** What the exercise asks **
Spot each line in the data below containing "libraries" and copy it.

'''

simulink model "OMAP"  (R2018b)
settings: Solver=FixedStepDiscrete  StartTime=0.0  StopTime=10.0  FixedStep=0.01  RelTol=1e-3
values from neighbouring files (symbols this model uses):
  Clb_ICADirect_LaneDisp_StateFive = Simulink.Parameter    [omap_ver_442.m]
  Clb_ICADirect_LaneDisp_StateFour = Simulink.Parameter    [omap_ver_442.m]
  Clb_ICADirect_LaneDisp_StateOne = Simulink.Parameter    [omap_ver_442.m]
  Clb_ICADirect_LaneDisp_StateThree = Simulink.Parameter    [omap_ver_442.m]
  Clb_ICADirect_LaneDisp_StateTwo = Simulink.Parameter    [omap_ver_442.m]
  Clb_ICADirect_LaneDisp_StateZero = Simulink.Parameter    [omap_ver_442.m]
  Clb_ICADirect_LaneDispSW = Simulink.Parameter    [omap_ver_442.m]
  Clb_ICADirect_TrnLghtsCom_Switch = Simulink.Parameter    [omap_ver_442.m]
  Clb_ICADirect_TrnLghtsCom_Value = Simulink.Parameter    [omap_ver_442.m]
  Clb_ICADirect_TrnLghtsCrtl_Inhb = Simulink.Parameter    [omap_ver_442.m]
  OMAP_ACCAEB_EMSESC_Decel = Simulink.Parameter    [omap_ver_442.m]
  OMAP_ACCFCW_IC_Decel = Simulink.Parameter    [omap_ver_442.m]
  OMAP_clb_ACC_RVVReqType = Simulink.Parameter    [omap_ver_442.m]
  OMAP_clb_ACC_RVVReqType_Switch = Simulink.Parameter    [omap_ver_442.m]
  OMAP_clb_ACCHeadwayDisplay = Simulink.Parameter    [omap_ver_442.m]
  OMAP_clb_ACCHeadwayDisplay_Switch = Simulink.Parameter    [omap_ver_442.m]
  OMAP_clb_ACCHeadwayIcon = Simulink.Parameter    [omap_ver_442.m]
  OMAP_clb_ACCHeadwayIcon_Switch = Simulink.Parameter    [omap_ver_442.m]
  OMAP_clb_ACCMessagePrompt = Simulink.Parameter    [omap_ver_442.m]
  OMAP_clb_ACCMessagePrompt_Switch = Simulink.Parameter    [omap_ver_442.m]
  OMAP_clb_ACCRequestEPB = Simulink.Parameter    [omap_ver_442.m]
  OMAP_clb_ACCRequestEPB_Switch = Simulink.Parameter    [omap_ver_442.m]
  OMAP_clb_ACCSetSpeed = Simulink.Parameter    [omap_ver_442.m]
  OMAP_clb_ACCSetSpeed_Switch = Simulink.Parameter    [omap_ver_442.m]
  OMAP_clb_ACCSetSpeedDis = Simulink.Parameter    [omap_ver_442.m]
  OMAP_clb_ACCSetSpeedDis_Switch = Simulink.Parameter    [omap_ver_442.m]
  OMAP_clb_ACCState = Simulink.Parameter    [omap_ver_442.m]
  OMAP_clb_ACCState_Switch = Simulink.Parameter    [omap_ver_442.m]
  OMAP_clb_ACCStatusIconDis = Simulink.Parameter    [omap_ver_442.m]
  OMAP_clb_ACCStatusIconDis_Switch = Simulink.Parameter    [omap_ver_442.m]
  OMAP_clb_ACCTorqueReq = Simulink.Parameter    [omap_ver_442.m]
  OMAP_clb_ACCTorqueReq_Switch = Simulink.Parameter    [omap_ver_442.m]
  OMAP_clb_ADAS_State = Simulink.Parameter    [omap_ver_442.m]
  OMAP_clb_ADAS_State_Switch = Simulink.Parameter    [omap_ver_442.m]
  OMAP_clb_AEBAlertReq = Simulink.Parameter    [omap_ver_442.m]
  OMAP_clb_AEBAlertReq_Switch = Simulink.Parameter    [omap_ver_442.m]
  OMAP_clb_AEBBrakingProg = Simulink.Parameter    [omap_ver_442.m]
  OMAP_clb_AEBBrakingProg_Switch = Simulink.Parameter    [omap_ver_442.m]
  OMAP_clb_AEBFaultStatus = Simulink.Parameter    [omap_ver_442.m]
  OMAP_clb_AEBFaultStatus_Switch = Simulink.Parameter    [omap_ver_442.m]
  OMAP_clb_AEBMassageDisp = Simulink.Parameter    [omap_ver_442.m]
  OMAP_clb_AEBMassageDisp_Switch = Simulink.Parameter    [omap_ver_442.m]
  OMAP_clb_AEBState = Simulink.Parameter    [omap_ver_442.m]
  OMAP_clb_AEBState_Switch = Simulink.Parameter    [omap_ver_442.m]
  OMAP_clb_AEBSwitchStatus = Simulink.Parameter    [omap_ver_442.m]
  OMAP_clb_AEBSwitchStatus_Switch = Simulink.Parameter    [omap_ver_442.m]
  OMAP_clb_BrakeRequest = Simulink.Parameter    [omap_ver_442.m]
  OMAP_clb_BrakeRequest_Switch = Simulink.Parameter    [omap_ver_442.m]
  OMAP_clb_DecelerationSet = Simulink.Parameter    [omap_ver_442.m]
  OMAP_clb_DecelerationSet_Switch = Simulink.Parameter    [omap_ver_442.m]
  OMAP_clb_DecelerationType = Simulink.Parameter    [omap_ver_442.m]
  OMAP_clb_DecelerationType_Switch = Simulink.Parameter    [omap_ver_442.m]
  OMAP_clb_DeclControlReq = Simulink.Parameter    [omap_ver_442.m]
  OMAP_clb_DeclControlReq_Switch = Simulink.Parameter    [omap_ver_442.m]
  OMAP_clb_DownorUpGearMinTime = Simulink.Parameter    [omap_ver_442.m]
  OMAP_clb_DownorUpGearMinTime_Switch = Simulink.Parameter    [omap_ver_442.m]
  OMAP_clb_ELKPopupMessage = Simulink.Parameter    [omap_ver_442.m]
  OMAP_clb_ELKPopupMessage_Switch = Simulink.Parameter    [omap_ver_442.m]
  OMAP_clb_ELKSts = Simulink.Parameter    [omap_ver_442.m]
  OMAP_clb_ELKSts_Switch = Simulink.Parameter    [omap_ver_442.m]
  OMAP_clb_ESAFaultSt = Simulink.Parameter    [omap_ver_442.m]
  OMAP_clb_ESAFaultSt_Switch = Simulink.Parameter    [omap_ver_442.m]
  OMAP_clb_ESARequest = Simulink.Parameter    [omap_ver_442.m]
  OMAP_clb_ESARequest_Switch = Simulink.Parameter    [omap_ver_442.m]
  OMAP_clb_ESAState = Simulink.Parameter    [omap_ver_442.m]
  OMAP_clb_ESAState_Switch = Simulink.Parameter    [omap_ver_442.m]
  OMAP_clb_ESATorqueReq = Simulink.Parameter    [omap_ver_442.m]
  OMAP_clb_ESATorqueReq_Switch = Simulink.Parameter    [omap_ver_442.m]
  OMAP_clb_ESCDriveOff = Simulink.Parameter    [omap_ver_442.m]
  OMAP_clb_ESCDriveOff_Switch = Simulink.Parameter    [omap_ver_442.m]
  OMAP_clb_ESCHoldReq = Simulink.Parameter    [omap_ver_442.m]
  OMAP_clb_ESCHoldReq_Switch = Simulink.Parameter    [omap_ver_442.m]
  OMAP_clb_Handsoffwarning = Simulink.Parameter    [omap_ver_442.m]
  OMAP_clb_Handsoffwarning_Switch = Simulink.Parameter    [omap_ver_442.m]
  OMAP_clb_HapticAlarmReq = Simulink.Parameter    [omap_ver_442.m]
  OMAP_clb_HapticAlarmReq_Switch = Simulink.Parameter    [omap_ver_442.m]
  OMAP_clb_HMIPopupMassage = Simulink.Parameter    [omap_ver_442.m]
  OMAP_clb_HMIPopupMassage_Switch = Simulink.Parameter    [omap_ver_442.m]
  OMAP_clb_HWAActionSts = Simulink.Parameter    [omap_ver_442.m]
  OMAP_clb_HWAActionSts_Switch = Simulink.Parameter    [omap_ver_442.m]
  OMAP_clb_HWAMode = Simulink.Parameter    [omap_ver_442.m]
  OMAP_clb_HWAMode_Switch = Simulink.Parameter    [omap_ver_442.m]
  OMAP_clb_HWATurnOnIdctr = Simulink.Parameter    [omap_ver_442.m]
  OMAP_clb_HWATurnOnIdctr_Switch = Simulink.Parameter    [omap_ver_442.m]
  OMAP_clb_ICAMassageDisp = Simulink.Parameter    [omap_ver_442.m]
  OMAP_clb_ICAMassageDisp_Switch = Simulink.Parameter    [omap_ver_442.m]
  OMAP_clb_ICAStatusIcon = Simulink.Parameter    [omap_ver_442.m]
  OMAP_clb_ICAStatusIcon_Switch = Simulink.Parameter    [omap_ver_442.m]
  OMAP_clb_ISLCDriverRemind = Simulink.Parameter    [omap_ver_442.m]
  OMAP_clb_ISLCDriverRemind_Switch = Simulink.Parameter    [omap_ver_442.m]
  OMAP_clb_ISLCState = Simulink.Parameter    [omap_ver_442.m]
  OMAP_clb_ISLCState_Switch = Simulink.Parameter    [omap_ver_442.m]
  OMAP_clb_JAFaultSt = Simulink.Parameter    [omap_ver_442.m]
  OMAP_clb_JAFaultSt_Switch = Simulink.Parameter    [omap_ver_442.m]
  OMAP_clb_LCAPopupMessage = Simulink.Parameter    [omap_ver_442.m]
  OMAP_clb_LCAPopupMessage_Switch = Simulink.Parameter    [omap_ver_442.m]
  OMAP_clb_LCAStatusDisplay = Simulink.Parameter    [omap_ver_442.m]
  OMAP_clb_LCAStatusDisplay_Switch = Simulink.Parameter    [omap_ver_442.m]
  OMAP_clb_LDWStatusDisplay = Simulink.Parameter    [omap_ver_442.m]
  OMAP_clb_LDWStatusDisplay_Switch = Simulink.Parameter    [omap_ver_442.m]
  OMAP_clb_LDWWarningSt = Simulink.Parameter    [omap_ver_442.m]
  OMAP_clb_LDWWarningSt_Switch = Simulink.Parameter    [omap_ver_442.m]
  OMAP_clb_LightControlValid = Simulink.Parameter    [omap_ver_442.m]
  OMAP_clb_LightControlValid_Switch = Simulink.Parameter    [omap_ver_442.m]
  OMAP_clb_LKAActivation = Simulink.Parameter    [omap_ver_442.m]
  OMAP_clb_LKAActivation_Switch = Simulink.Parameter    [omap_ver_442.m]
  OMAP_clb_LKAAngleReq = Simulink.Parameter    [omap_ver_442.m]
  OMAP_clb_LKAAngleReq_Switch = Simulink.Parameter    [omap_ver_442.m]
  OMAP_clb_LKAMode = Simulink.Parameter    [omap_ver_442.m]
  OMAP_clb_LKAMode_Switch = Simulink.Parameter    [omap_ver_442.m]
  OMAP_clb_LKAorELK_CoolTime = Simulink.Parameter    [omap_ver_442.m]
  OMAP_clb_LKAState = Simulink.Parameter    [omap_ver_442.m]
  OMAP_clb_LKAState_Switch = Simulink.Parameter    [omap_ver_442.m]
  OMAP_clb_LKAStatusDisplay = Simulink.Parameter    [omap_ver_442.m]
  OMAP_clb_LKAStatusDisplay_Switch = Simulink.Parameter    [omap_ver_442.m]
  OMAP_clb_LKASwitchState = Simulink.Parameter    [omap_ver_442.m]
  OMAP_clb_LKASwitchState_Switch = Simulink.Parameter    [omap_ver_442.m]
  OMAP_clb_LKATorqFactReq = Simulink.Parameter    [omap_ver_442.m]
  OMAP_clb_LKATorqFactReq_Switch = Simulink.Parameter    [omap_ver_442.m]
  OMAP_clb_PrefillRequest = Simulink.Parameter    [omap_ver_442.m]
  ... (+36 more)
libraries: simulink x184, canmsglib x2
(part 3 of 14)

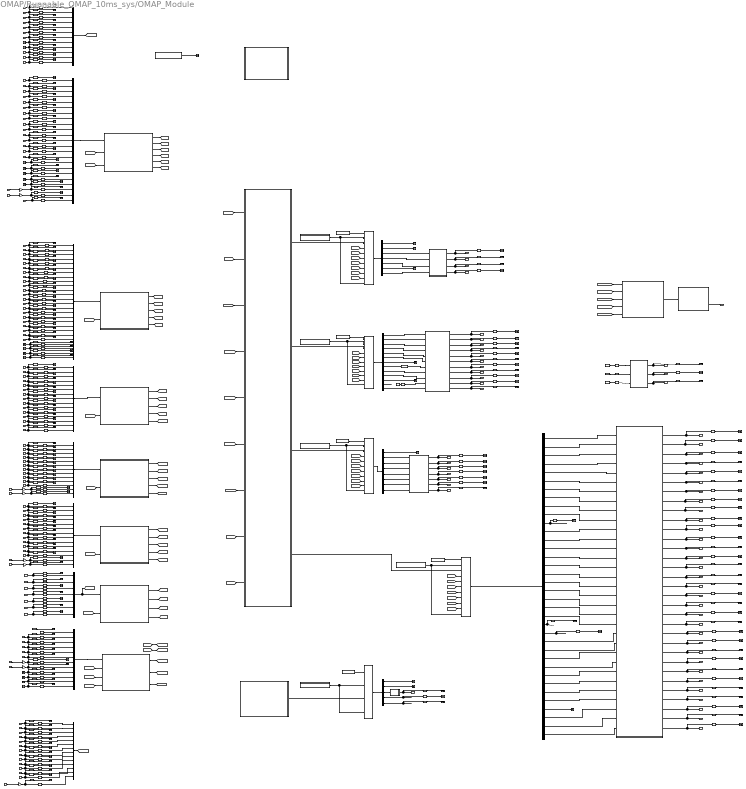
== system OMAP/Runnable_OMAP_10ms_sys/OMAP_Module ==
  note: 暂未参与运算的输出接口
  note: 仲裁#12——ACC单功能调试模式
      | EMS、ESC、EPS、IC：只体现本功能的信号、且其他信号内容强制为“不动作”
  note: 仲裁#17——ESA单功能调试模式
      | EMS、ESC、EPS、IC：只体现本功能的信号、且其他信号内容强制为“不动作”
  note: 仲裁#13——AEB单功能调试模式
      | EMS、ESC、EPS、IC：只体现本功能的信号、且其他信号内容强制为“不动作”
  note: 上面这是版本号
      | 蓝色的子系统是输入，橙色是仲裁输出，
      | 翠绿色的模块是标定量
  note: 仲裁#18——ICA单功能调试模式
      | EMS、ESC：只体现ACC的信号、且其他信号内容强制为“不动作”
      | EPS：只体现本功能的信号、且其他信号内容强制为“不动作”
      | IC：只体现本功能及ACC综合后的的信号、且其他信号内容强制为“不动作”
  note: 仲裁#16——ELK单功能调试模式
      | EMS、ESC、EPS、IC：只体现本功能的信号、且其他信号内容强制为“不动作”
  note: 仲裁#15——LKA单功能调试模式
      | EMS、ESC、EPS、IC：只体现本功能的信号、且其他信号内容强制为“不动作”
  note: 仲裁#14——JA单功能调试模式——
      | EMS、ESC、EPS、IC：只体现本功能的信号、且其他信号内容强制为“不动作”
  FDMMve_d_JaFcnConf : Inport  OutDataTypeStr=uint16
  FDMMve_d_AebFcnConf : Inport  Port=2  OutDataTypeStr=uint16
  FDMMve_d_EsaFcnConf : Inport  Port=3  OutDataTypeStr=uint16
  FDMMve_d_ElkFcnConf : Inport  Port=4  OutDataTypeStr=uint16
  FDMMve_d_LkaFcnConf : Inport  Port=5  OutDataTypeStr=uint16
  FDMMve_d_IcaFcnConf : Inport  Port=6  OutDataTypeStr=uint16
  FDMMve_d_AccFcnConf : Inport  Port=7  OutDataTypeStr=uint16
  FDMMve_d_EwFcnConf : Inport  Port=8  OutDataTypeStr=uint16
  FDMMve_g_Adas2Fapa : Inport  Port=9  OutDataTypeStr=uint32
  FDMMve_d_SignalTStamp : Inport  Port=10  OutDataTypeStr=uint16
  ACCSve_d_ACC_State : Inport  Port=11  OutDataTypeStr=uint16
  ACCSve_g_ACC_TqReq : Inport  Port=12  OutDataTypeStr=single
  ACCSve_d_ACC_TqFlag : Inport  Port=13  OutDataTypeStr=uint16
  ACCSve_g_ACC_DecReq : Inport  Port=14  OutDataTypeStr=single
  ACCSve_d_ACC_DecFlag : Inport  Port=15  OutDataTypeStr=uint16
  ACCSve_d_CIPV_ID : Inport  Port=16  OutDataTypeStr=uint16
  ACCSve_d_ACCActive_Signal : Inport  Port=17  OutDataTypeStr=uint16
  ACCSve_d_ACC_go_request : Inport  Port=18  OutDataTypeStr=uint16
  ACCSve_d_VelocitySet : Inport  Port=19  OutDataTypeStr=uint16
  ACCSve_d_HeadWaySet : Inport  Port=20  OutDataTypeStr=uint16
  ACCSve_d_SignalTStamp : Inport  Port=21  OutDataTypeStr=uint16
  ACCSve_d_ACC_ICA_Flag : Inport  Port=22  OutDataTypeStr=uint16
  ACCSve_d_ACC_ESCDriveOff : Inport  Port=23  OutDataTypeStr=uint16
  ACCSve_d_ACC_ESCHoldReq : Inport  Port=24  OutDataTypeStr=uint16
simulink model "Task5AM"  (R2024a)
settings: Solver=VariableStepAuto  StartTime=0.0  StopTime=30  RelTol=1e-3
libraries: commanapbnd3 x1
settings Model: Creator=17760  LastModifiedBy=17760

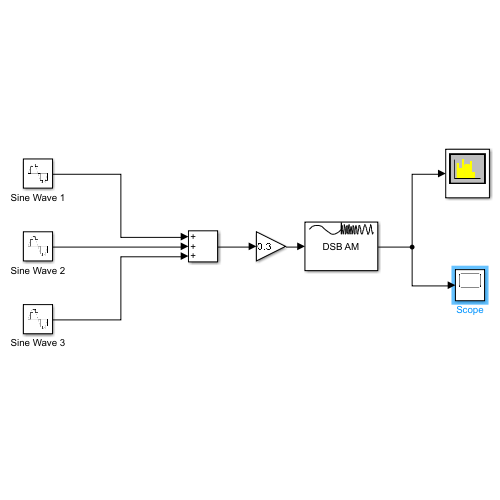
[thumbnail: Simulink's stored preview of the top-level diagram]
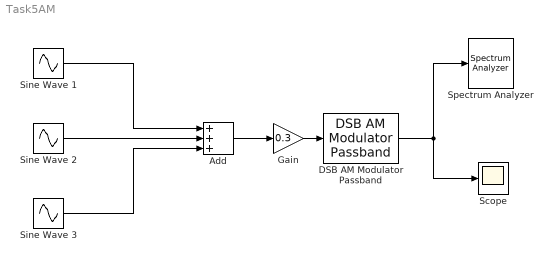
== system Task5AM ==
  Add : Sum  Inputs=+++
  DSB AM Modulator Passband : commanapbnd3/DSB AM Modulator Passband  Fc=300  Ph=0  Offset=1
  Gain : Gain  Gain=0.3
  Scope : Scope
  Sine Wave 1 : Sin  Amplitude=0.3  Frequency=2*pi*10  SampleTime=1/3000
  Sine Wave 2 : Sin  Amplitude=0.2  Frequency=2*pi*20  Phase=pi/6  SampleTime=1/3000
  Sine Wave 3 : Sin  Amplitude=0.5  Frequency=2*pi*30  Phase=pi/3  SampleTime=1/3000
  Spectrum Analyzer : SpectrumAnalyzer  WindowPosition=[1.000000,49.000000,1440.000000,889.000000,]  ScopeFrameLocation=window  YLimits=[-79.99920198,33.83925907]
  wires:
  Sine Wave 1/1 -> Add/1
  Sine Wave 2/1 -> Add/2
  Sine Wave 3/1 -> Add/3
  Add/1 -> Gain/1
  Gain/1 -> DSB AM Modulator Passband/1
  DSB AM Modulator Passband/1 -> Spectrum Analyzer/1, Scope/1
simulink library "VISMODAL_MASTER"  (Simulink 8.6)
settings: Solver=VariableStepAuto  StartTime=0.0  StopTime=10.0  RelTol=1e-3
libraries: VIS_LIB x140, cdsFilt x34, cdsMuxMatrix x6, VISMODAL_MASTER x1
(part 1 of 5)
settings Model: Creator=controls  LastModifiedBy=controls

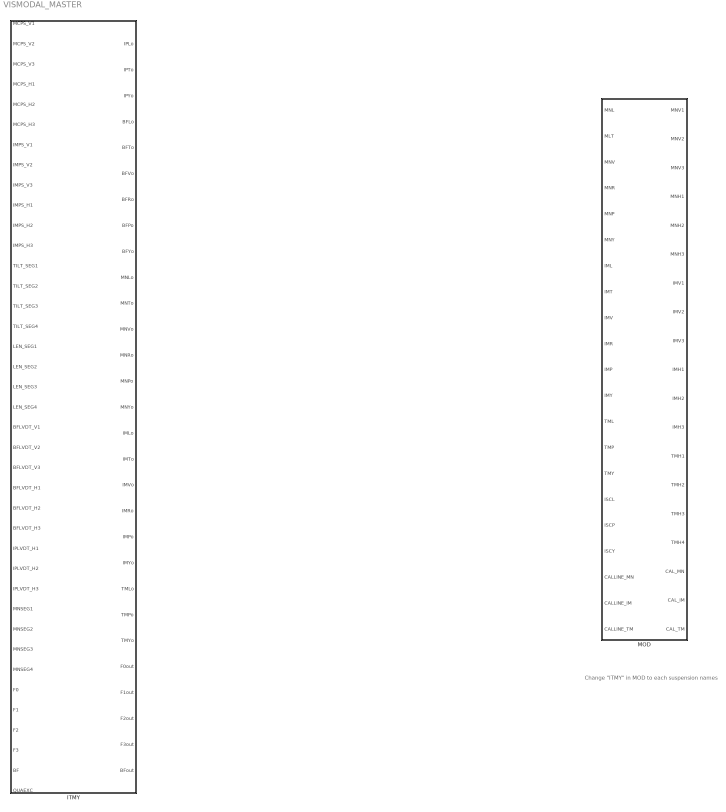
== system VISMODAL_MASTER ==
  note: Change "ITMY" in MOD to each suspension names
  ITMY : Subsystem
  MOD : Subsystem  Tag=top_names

'''

** Written answer **
libraries: simulink x184, canmsglib x2
libraries: commanapbnd3 x1
libraries: VIS_LIB x140, cdsFilt x34, cdsMuxMatrix x6, VISMODAL_MASTER x1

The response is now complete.